SGD

SGD class

tf.keras.optimizers.SGD(
    learning_rate=0.01, momentum=0.0, nesterov=False, name="SGD", **kwargs
)

Gradient descent (with momentum) optimizer.

Update rule for parameter w with gradient g when momentum is 0:

w = w - learning_rate * g

Update rule when momentum is larger than 0:

velocity = momentum * velocity - learning_rate * g
w = w + velocity

When nesterov=True, this rule becomes:

velocity = momentum * velocity - learning_rate * g
w = w + momentum * velocity - learning_rate * g

Arguments

• learning_rate: A Tensor, floating point value, or a schedule that is a tf.keras.optimizers.schedules.LearningRateSchedule, or a callable that takes no arguments and returns the actual value to use.
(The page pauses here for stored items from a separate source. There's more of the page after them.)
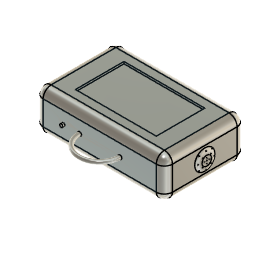
boot_prelim (Autodesk Fusion 360 design; units mm, degrees)
part number: 2025-10-20-15-09-19-256
Autodesk Fusion 360 part; units mm, degrees
sketch "Sketch1" plane through (0, 0, 0) normal (0, 0, 1) x (1, 0, 0)
  line L0 (-60, 30) -> (60, 30)
  line L1 (60, 30) -> (60, -30)
  line L2 (60, -30) -> (-60, -30)
  line L3 (-60, -30) -> (-60, 30)
  line L4 (-70, 50) -> (70, 50)
  line L5 (80, 40) -> (80, -40)
  line L6 (70, -50) -> (-70, -50)
  line L7 (-80, -40) -> (-80, 40)
  arc A0 (-70, 50) -> (-80, 40) centre (-70, 40) ccw
  arc A1 (80, 40) -> (70, 50) centre (70, 40) ccw
  arc A2 (70, -50) -> (80, -40) centre (70, -40) ccw
  arc A3 (-80, -40) -> (-70, -50) centre (-70, -40) ccw
  dimension "d1" = 10
  constraint horizontal L0
  constraint vertical L1
  constraint horizontal L2
  constraint vertical L3
  constraint horizontal L4
  constraint vertical L5
  constraint horizontal L6
  constraint vertical L7
  constraint tangent L4 A0
  constraint tangent L7 A0
  constraint tangent L4 A1
  constraint tangent L5 A1
  constraint equal A0 A1
  constraint tangent L5 A2
  constraint tangent L6 A2
  constraint equal A0 A2
  constraint tangent L6 A3
  constraint tangent L7 A3
  constraint equal A0 A3
  measures "d1" radius of A0
extrude "Extrude1" add sketch "Sketch1" along normal blind 50 contours L0 L1 L2 L3 | L4 L5 L6 L7 A0 A1 A2 A3
fillet "Fillet1" radius 10 8 edges at (77.0711, 47.0711, 0) (80, 0, 0) (77.0711, -47.0711, 0) (0, -50, 0) (-77.0711, -47.0711, 0) (-80, 0, 0) (-77.0711, 47.0711, 0) (0, 50, 0)
fillet "Fillet2" radius 10 8 edges at (-80, 0, 50) (-77.0711, -47.0711, 50) (0, -50, 50) (77.0711, -47.0711, 50) (80, 0, 50) (77.0711, 47.0711, 50) (0, 50, 50) (-77.0711, 47.0711, 50)
sketch "Sketch2" plane through (0, 0, 50) normal (0, 0, 1) x (-1, 0, 0)
  line L0 (70, -40) -> (70, 40)
  line L1 (70, 40) -> (-70, 40)
  line L2 (-70, 40) -> (-70, -40)
  line L3 (-70, -40) -> (70, -40)
  line L4 (-50, 30) -> (50, 30)
  line L5 (50, 30) -> (50, -30)
  line L6 (50, -30) -> (-50, -30)
  line L7 (-50, -30) -> (-50, 30)
  constraint horizontal L4
  constraint vertical L5
  constraint horizontal L6
  constraint vertical L7
extrude "Extrude2" cut sketch "Sketch2" against normal blind 2.5 contours L4 L5 L6 L7
sketch "Sketch3" plane through (80, 0, 0) normal (1, 0, 0) x (0, 1, 0)
  line L0 (40, 40) -> (-40, 40)
  line L1 (-40, 40) -> (-40, 10)
  line L2 (-40, 10) -> (40, 10)
  line L3 (40, 10) -> (40, 40)
  circle A0 centre (0, 25) radius 12.5
extrude "Extrude3" add sketch "Sketch3" along normal blind 2.5 contours A0
fillet "Fillet3" radius 10 1 edges at (82.5, -11.6541, 20.4798)
sketch "Sketch4" plane through (-80, 0, 0) normal (-1, 0, 0) x (0, -1, 0)
  line L0 (40, 40) -> (-40, 40)
  line L1 (-40, 40) -> (-40, 10)
  line L2 (-40, 10) -> (40, 10)
  line L3 (40, 10) -> (40, 40)
  line L4 (5, 15) -> (-5, 15)
  line L5 (-5, 15) -> (-5, 35)
  line L6 (-5, 35) -> (5, 35)
  line L7 (5, 35) -> (5, 15)
  constraint horizontal L4
  constraint vertical L5
  constraint horizontal L6
  constraint vertical L7
extrude "Extrude4" add sketch "Sketch4" along normal blind 5 contours L4 L5 L6 L7
sketch "Sketch5" plane through (0, 5, 0) normal (0, 1, 0) x (-1, 0, 0)
  line L0 (80, 35) -> (80, 15)
  line L1 (80, 15) -> (85, 15)
  line L2 (85, 15) -> (85, 35)
  line L3 (85, 35) -> (80, 35)
  arc A0 (80, 35) -> (85, 15) centre (122.5, 35) ccw
  constraint tangent L0 A0
  constraint coincident L0.start L3.end
  constraint coincident L1.end L2.start
extrude "Extrude5" cut sketch "Sketch5" against normal blind 10 contours L2 L3 A0
sketch "Sketch6" plane through (0, -50, 0) normal (0, -1, 0) x (1, 0, 0)
  line L0 (70, 40) -> (-70, 40)
  line L1 (-70, 40) -> (-70, 10)
  line L2 (-70, 10) -> (70, 10)
  line L3 (70, 10) -> (70, 40)
sketch "Sketch7" plane through (0, -50, 0) normal (0, -1, 0) x (1, 0, 0)
sketch "Sketch8" plane through (0, 0, 50) normal (0, 0, 1) x (-1, 0, 0)
  line L0 (50, 30) -> (50, -30)
  line L1 (50, -30) -> (-50, -30)
  line L2 (-50, -30) -> (-50, 30)
  line L3 (-50, 30) -> (50, 30)
  line L4 (70, -40) -> (70, 40)
  line L5 (70, 40) -> (-70, 40)
  line L6 (-70, 40) -> (-70, -40)
  line L7 (-70, -40) -> (70, -40)
sketch "Sketch9" plane through (0, -50, 0) normal (0, -1, 0) x (1, 0, 0)
sketch "Sketch10" plane through (0, 0, 0) normal (0, 1, 0) x (1, 0, 0)
sketch "Sketch11" plane through (0, 0, 50) normal (0, 0, 1) x (-1, 0, 0)
sketch "Sketch12" plane through (0, 0, 50) normal (0, 0, 1) x (-1, 0, 0)
sketch "Sketch13" plane through (0, -50, 0) normal (0, -1, 0) x (1, 0, 0)
  circle A0 centre (25, 25) radius 2.5
  circle A1 centre (-25, 25) radius 2.5
  line L0 (0, 10) -> (0, 40)
  dimension "d22" = 5
  dimension "d23" = 5
  constraint vertical L0
  measures "d22" diameter of A0
  measures "d23" diameter of A1
revolve "Revolve1" add sketch "Sketch13" angle 360 about axis through (0, -50, 10) along (0, 0, 1) contours A1
sketch "Sketch14" plane through (0, -50, 0) normal (0, -1, 0) x (1, 0, 0)
  circle A0 centre (-45, 25) radius 2
extrude "Extrude6" add sketch "Sketch14" along normal blind 2.5
sketch "Sketch15" plane through (82.5, 0, 0) normal (1, 0, 0) x (0, 1, 0)
  circle A0 centre (0, 25) radius 5.8856
  circle A1 centre (0, 25) radius 0.5
  circle A2 centre (0, 28) radius 0.5
  circle A3 centre (3, 25) radius 0.5
  circle A4 centre (0, 22) radius 0.5
  circle A5 centre (-3, 25) radius 0.5
  circle A6 centre (0, 35) radius 0.5
  circle A7 centre (10, 25) radius 0.5
  circle A8 centre (0, 15) radius 0.5
  circle A9 centre (-10, 25) radius 0.5
  circle A10 centre (-5, 30) radius 0.5
  circle A11 centre (-8, 33) radius 0.5
  circle A12 centre (5, 30) radius 0.5
  circle A13 centre (8, 33) radius 0.5
  circle A14 centre (5, 20) radius 0.5
  circle A15 centre (8, 17) radius 0.5
  circle A16 centre (-5, 20) radius 0.5
  circle A17 centre (-8, 17) radius 0.5
  dimension "d27" = 1
  dimension "d28" = 1
  dimension "d29" = 1
  dimension "d30" = 1
  dimension "d31" = 1
  dimension "d32" = 1
  dimension "d33" = 1
  dimension "d34" = 1
  dimension "d35" = 1
  dimension "d36" = 1
  dimension "d37" = 1
  dimension "d38" = 1
  dimension "d39" = 1
  dimension "d40" = 1
  dimension "d41" = 1
  dimension "d42" = 1
  dimension "d43" = 1
  constraint concentric A0 A1
  measures "d27" diameter of A1
  measures "d28" diameter of A2
  measures "d29" diameter of A3
  measures "d30" diameter of A4
  measures "d31" diameter of A5
  measures "d32" diameter of A6
  measures "d33" diameter of A7
  measures "d34" diameter of A8
  measures "d35" diameter of A9
  measures "d36" diameter of A10
  measures "d37" diameter of A11
  measures "d38" diameter of A12
  measures "d39" diameter of A13
  measures "d40" diameter of A14
  measures "d41" diameter of A15
  measures "d42" diameter of A16
  measures "d43" diameter of A17
extrude "Extrude7" cut sketch "Sketch15" against normal blind 6 contours A1 | A2 | A3 | A4 | A5 | A6 | A7 | A8 | A9 | A10 | A11 | A12 | A13 | A14 | A15 | A16 | A17
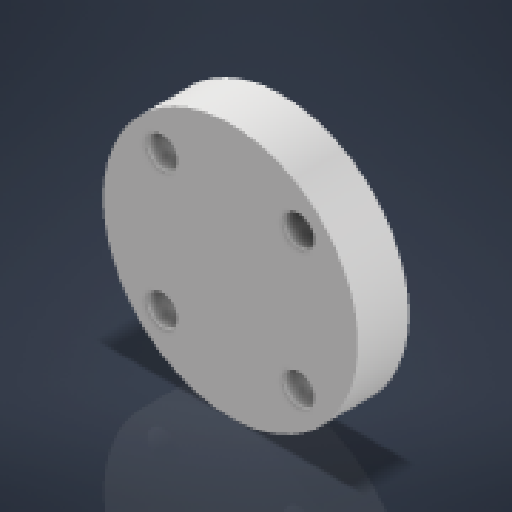
# Autodesk Inventor part: ПроставкаДвиг
Saved by Autodesk Inventor 2026 (Build 300175000, 175)
## iProperties
Created: 2025-08-20
Part Number: ПроставкаДвиг
Material: Типовые
Document SubType Name: Modeling
Designer: seraf
Density: 1 g/cm^3
Appearance: По умолчанию
Author: seraf
Autodesk Inventor part; units mm, degrees
ref_plane "YZ Plane" through (0, 0, 0) normal (1, 0, 0) x (0, 1, 0)
ref_plane "XZ Plane" through (0, 0, 0) normal (0, 1, 0) x (-1, 0, 0)
ref_plane "XY Plane" through (0, 0, 0) normal (0, 0, 1) x (1, 0, 0)
sketch "Эскиз1" plane through (0, 0, 0) normal (0, 0, 1) x (1, 0, 0)
  circle A0 centre (38.2581, 176.9621) radius 1.5 projected
  circle A1 centre (38.2581, 190.3971) radius 1.5 projected
  circle A2 centre (51.6931, 176.9621) radius 1.5 projected
  circle A3 centre (51.6931, 190.3971) radius 1.5 projected
  circle A4 centre (44.9756, 183.6796) radius 12.5 projected
  point P0 (0, 0)
extrude "Выдавливание1" add sketch "Эскиз1" along normal blind 5

The learning rate. Defaults to 0.01.
• momentum: float hyperparameter >= 0 that accelerates gradient descent in the relevant direction and dampens oscillations. Defaults to 0, i.e., vanilla gradient descent.
• nesterov: boolean. Whether to apply Nesterov momentum. Defaults to False.
• name: Optional name prefix for the operations created when applying gradients. Defaults to "SGD".
• **kwargs: keyword arguments. Allowed arguments are clipvalue, clipnorm, global_clipnorm. If clipvalue (float) is set, the gradient of each weight is clipped to be no higher than this value. If clipnorm (float) is set, the gradient of each weight is individually clipped so that its norm is no higher than this value. If global_clipnorm (float) is set the gradient of all weights is clipped so that their global norm is no higher than this value.

Usage:

>>> opt = tf.keras.optimizers.SGD(learning_rate=0.1)
>>> var = tf.Variable(1.0)
>>> loss = lambda: (var ** 2)/2.0         # d(loss)/d(var1) = var1
>>> step_count = opt.minimize(loss, [var]).numpy()
>>> # Step is `- learning_rate * grad`
>>> var.numpy()
0.9

>>> opt = tf.keras.optimizers.SGD(learning_rate=0.1, momentum=0.9)
>>> var = tf.Variable(1.0)
>>> val0 = var.value()
>>> loss = lambda: (var ** 2)/2.0         # d(loss)/d(var1) = var1
>>> # First step is `- learning_rate * grad`
>>> step_count = opt.minimize(loss, [var]).numpy()
>>> val1 = var.value()
>>> (val0 - val1).numpy()
0.1
>>> # On later steps, step-size increases because of momentum
>>> step_count = opt.minimize(loss, [var]).numpy()
>>> val2 = var.value()
>>> (val1 - val2).numpy()
0.18

Reference

• For nesterov=True, See Sutskever et al., 2013.